REQUIREMENT:
Instruction for the entries that follow: retype exactly the lines from the line with "world_world.node_tree.nodes; _L = world_world.node_tree.links" to the line with "me_cube_001 = bpy.data.meshes.new('Cube.001')", both included, and omit all others.

Data records
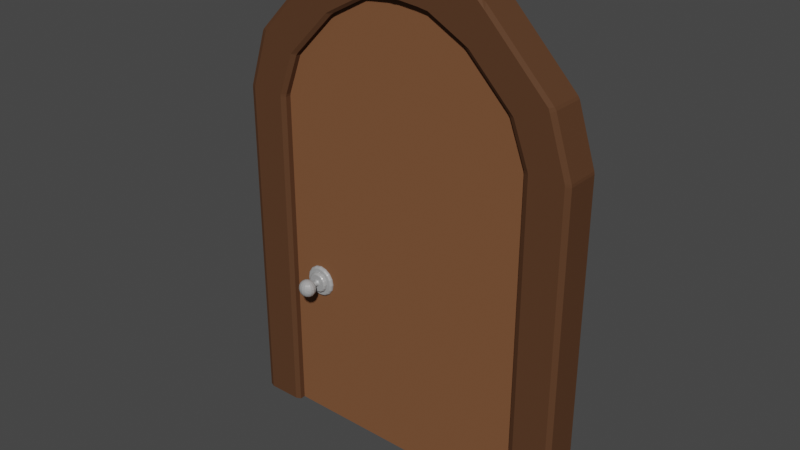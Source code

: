# Source: animated_door.blend  (saved by Blender 3.3.6; exported with 4.5.12 LTS)
import bpy
from mathutils import Matrix  # noqa: F401  (used for matrix-valued properties, if any)

bpy.ops.wm.read_factory_settings(use_empty=True)
scene = bpy.context.scene
scene.name = 'Scene'

# ---- collections
col_collection = bpy.data.collections.new('Collection'); scene.collection.children.link(col_collection)

# ---- materials (node trees are filled in below, after node groups)
mat_wood = bpy.data.materials.new('Wood')
mat_wood_2 = bpy.data.materials.new('Wood 2')
mat_metal = bpy.data.materials.new('Metal')
mat_metal.alpha_threshold = 0.0
mat_metal.line_color = (0.0, 0.0, 0.0, 1.0)

# ---- material node trees
mat_wood.use_nodes = True; mat_wood.node_tree.nodes.clear()
_N = mat_wood.node_tree.nodes; _L = mat_wood.node_tree.links
n0 = _N.new('ShaderNodeBsdfPrincipled'); n0.name = 'Principled BSDF'; n0.location = (10, 300)
n0.distribution = 'GGX'
n0.subsurface_method = 'RANDOM_WALK_SKIN'
n0.inputs[0].default_value = (0.0985, 0.04405, 0.02097, 1.0)
n0.inputs[2].default_value = 0.7205
n0.inputs[3].default_value = 1.45
n0.inputs[13].default_value = 0.1299
n0.inputs[27].default_value = (0.0, 0.0, 0.0, 1.0)
n0.inputs[28].default_value = 1.0
n1 = _N.new('ShaderNodeOutputMaterial'); n1.name = 'Material Output'; n1.location = (300, 300)
_L.new(n0.outputs[0], n1.inputs[0])
n1.is_active_output = True
mat_wood_2.use_nodes = True; mat_wood_2.node_tree.nodes.clear()
_N = mat_wood_2.node_tree.nodes; _L = mat_wood_2.node_tree.links
n0 = _N.new('ShaderNodeBsdfPrincipled'); n0.name = 'Principled BSDF'; n0.location = (10, 300)
n0.distribution = 'GGX'
n0.subsurface_method = 'RANDOM_WALK_SKIN'
n0.inputs[0].default_value = (0.2079, 0.08927, 0.04037, 1.0)
n0.inputs[2].default_value = 0.7205
n0.inputs[3].default_value = 1.45
n0.inputs[13].default_value = 0.1299
n0.inputs[27].default_value = (0.0, 0.0, 0.0, 1.0)
n0.inputs[28].default_value = 1.0
n1 = _N.new('ShaderNodeOutputMaterial'); n1.name = 'Material Output'; n1.location = (300, 300)
_L.new(n0.outputs[0], n1.inputs[0])
n1.is_active_output = True
mat_metal.use_nodes = True; mat_metal.node_tree.nodes.clear()
_N = mat_metal.node_tree.nodes; _L = mat_metal.node_tree.links
n0 = _N.new('ShaderNodeOutputMaterial'); n0.name = 'Material Output'; n0.location = (300, 300)
n1 = _N.new('ShaderNodeBsdfPrincipled'); n1.name = 'Principled BSDF'; n1.location = (10, 300)
n1.distribution = 'GGX'
n1.subsurface_method = 'RANDOM_WALK_SKIN'
n1.inputs[0].default_value = (0.4292, 0.4292, 0.4292, 1.0)
n1.inputs[1].default_value = 0.1417
n1.inputs[2].default_value = 0.3055
n1.inputs[3].default_value = 1.45
n1.inputs[27].default_value = (0.0, 0.0, 0.0, 1.0)
n1.inputs[28].default_value = 1.0
_L.new(n1.outputs[0], n0.inputs[0])
n0.is_active_output = True

# ---- world
world_world = bpy.data.worlds.new('World'); scene.world = world_world
world_world.use_nodes = True; world_world.node_tree.nodes.clear()
_N = world_world.node_tree.nodes; _L = world_world.node_tree.links
n0 = _N.new('ShaderNodeOutputWorld'); n0.name = 'World Output'; n0.location = (300, 300)
n1 = _N.new('ShaderNodeBackground'); n1.name = 'Background'; n1.location = (10, 300)
n1.inputs[0].default_value = (0.05088, 0.05088, 0.05088, 1.0)
_L.new(n1.outputs[0], n0.inputs[0])
n0.is_active_output = True
world_world.color = (0.05088, 0.05088, 0.05088)
world_world.use_sun_shadow = False
world_world.sun_shadow_jitter_overblur = 0.0

# ---- meshes
me_cube_001 = bpy.data.meshes.new('Cube.001')
me_cube_001.from_pydata([(3.109, -0.8847, 0.008499), (3.109, -1.0, 0.1238), (2.994, -0.8847, 0.1238), (3.109, -1.0, 30.29), (3.099, -1.0, 30.52), (2.983, -0.8847, 30.52), (2.994, -0.8847, 30.29), (3.109, 0.8847, 0.008499), (2.994, 0.8847, 0.1238), (3.109, 1.0, 0.1238), (2.983, 0.8847, 30.52), (3.099, 1.0, 30.52), (3.109, 1.0, 30.29), (2.994, 0.8847, 30.29), (3.879, -0.8847, 0.008499), (3.994, -0.8847, 0.1238), (3.879, -1.0, 0.1238), (3.984, -0.8847, 30.52), (3.869, -1.0, 30.52), (3.879, -1.0, 30.29), (3.994, -0.8847, 30.29), (3.879, 0.8847, 0.008499), (3.879, 1.0, 0.1238), (3.994, 0.8847, 0.1238), (3.869, 1.0, 30.52), (3.984, 0.8847, 30.52), (3.994, 0.8847, 30.29), (3.879, 1.0, 30.29), (2.599, -0.8847, 34.36), (2.638, -0.8847, 34.13), (2.746, -1.0, 34.22), (2.677, -1.0, 34.52), (2.599, 0.8847, 34.36), (2.677, 1.0, 34.52), (2.746, 1.0, 34.22), (2.638, 0.8847, 34.13), (3.442, 1.0, 35.61), (3.539, 0.8847, 35.7), (3.576, 0.8847, 35.47), (3.478, 1.0, 35.26), (3.539, -0.8847, 35.7), (3.442, -1.0, 35.61), (3.478, -1.0, 35.26), (3.576, -0.8847, 35.47), (1.564, -0.8847, 38.4), (1.641, -0.8847, 38.18), (1.73, -1.0, 38.3), (1.542, -1.0, 38.72), (1.564, 0.8847, 38.4), (1.542, 1.0, 38.72), (1.73, 1.0, 38.3), (1.641, 0.8847, 38.18), (1.879, 1.0, 41.88), (1.931, 0.8847, 42.0), (2.026, 0.8847, 41.8), (2.044, 1.0, 41.25), (1.931, -0.8847, 42.0), (1.879, -1.0, 41.88), (2.044, -1.0, 41.25), (2.026, -0.8847, 41.8), (0.5706, -0.8847, 40.31), (0.7271, -0.8847, 40.17), (0.7915, -1.0, 40.3), (0.5515, -1.0, 40.45), (0.5706, 0.8847, 40.31), (0.5515, 1.0, 40.45), (0.7915, 1.0, 40.3), (0.7271, 0.8847, 40.17), (0.3293, 1.0, 44.01), (0.342, 0.8847, 44.14), (0.5079, 0.8847, 43.98), (0.5806, 1.0, 43.68), (0.342, -0.8847, 44.14), (0.3293, -1.0, 44.01), (0.5806, -1.0, 43.68), (0.5079, -0.8847, 43.98), (0.1073, -0.8847, 40.5), (0.1153, -1.0, 40.62), (0.0, -0.9967, 40.59), (0.1073, 0.8847, 40.5), (0.0, 0.9967, 40.59), (0.1153, 1.0, 40.62), (0.1153, 1.0, 44.14), (0.0, 0.9967, 44.3), (0.09858, 0.8847, 44.28), (0.09858, -0.8847, 44.28), (0.0, -0.9967, 44.3), (0.1153, -1.0, 44.14), (-3.109, -0.8847, 0.008499), (-3.109, -1.0, 0.1238), (-2.994, -0.8847, 0.1238), (-3.109, -1.0, 30.29), (-3.099, -1.0, 30.52), (-2.983, -0.8847, 30.52), (-2.994, -0.8847, 30.29), (-3.109, 0.8847, 0.008499), (-2.994, 0.8847, 0.1238), (-3.109, 1.0, 0.1238), (-2.983, 0.8847, 30.52), (-3.099, 1.0, 30.52), (-3.109, 1.0, 30.29), (-2.994, 0.8847, 30.29), (-3.879, -0.8847, 0.008499), (-3.994, -0.8847, 0.1238), (-3.879, -1.0, 0.1238), (-3.984, -0.8847, 30.52), (-3.869, -1.0, 30.52), (-3.879, -1.0, 30.29), (-3.994, -0.8847, 30.29), (-3.879, 0.8847, 0.008499), (-3.879, 1.0, 0.1238), (-3.994, 0.8847, 0.1238), (-3.869, 1.0, 30.52), (-3.984, 0.8847, 30.52), (-3.994, 0.8847, 30.29), (-3.879, 1.0, 30.29), (-2.599, -0.8847, 34.36), (-2.638, -0.8847, 34.13), (-2.746, -1.0, 34.22), (-2.677, -1.0, 34.52), (-2.599, 0.8847, 34.36), (-2.677, 1.0, 34.52), (-2.746, 1.0, 34.22), (-2.638, 0.8847, 34.13), (-3.442, 1.0, 35.61), (-3.539, 0.8847, 35.7), (-3.576, 0.8847, 35.47), (-3.478, 1.0, 35.26), (-3.539, -0.8847, 35.7), (-3.442, -1.0, 35.61), (-3.478, -1.0, 35.26), (-3.576, -0.8847, 35.47), (-1.564, -0.8847, 38.4), (-1.641, -0.8847, 38.18), (-1.73, -1.0, 38.3), (-1.542, -1.0, 38.72), (-1.564, 0.8847, 38.4), (-1.542, 1.0, 38.72), (-1.73, 1.0, 38.3), (-1.641, 0.8847, 38.18), (-1.879, 1.0, 41.88), (-1.931, 0.8847, 42.0), (-2.026, 0.8847, 41.8), (-2.044, 1.0, 41.25), (-1.931, -0.8847, 42.0), (-1.879, -1.0, 41.88), (-2.044, -1.0, 41.25), (-2.026, -0.8847, 41.8), (-0.5706, -0.8847, 40.31), (-0.7271, -0.8847, 40.17), (-0.7915, -1.0, 40.3), (-0.5515, -1.0, 40.45), (-0.5706, 0.8847, 40.31), (-0.5515, 1.0, 40.45), (-0.7915, 1.0, 40.3), (-0.7271, 0.8847, 40.17), (-0.3293, 1.0, 44.01), (-0.342, 0.8847, 44.14), (-0.5079, 0.8847, 43.98), (-0.5806, 1.0, 43.68), (-0.342, -0.8847, 44.14), (-0.3293, -1.0, 44.01), (-0.5806, -1.0, 43.68), (-0.5079, -0.8847, 43.98), (-0.1073, -0.8847, 40.5), (-0.1153, -1.0, 40.62), (-0.1073, 0.8847, 40.5), (-0.1153, 1.0, 40.62), (-0.1153, 1.0, 44.14), (-0.09858, 0.8847, 44.28), (-0.09858, -0.8847, 44.28), (-0.1153, -1.0, 44.14)], [], [(16, 19, 3, 1), (24, 11, 34, 39), (17, 25, 38, 43), (10, 5, 29, 35), (2, 6, 13, 8), (23, 26, 20, 15), (48, 44, 61, 67), (32, 28, 45, 51), (4, 18, 42, 30), (9, 12, 27, 22), (47, 57, 74, 62), (31, 41, 58, 46), (36, 33, 50, 55), (40, 37, 54, 59), (68, 65, 81, 82), (52, 49, 66, 71), (56, 53, 70, 75), (64, 60, 76, 79), (72, 69, 84, 85), (83, 80, 78, 86), (63, 73, 87, 77), (0, 1, 2), (3, 4, 5, 6), (7, 8, 9), (10, 11, 12, 13), (14, 15, 16), (17, 18, 19, 20), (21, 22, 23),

ANSWER SPACE:
_N = world_world.node_tree.nodes; _L = world_world.node_tree.links
n0 = _N.new('ShaderNodeOutputWorld'); n0.name = 'World Output'; n0.location = (300, 300)
n1 = _N.new('ShaderNodeBackground'); n1.name = 'Background'; n1.location = (10, 300)
n1.inputs[0].default_value = (0.05088, 0.05088, 0.05088, 1.0)
_L.new(n1.outputs[0], n0.inputs[0])
n0.is_active_output = True
world_world.color = (0.05088, 0.05088, 0.05088)
world_world.use_sun_shadow = False
world_world.sun_shadow_jitter_overblur = 0.0

# ---- meshes
me_cube_001 = bpy.data.meshes.new('Cube.001')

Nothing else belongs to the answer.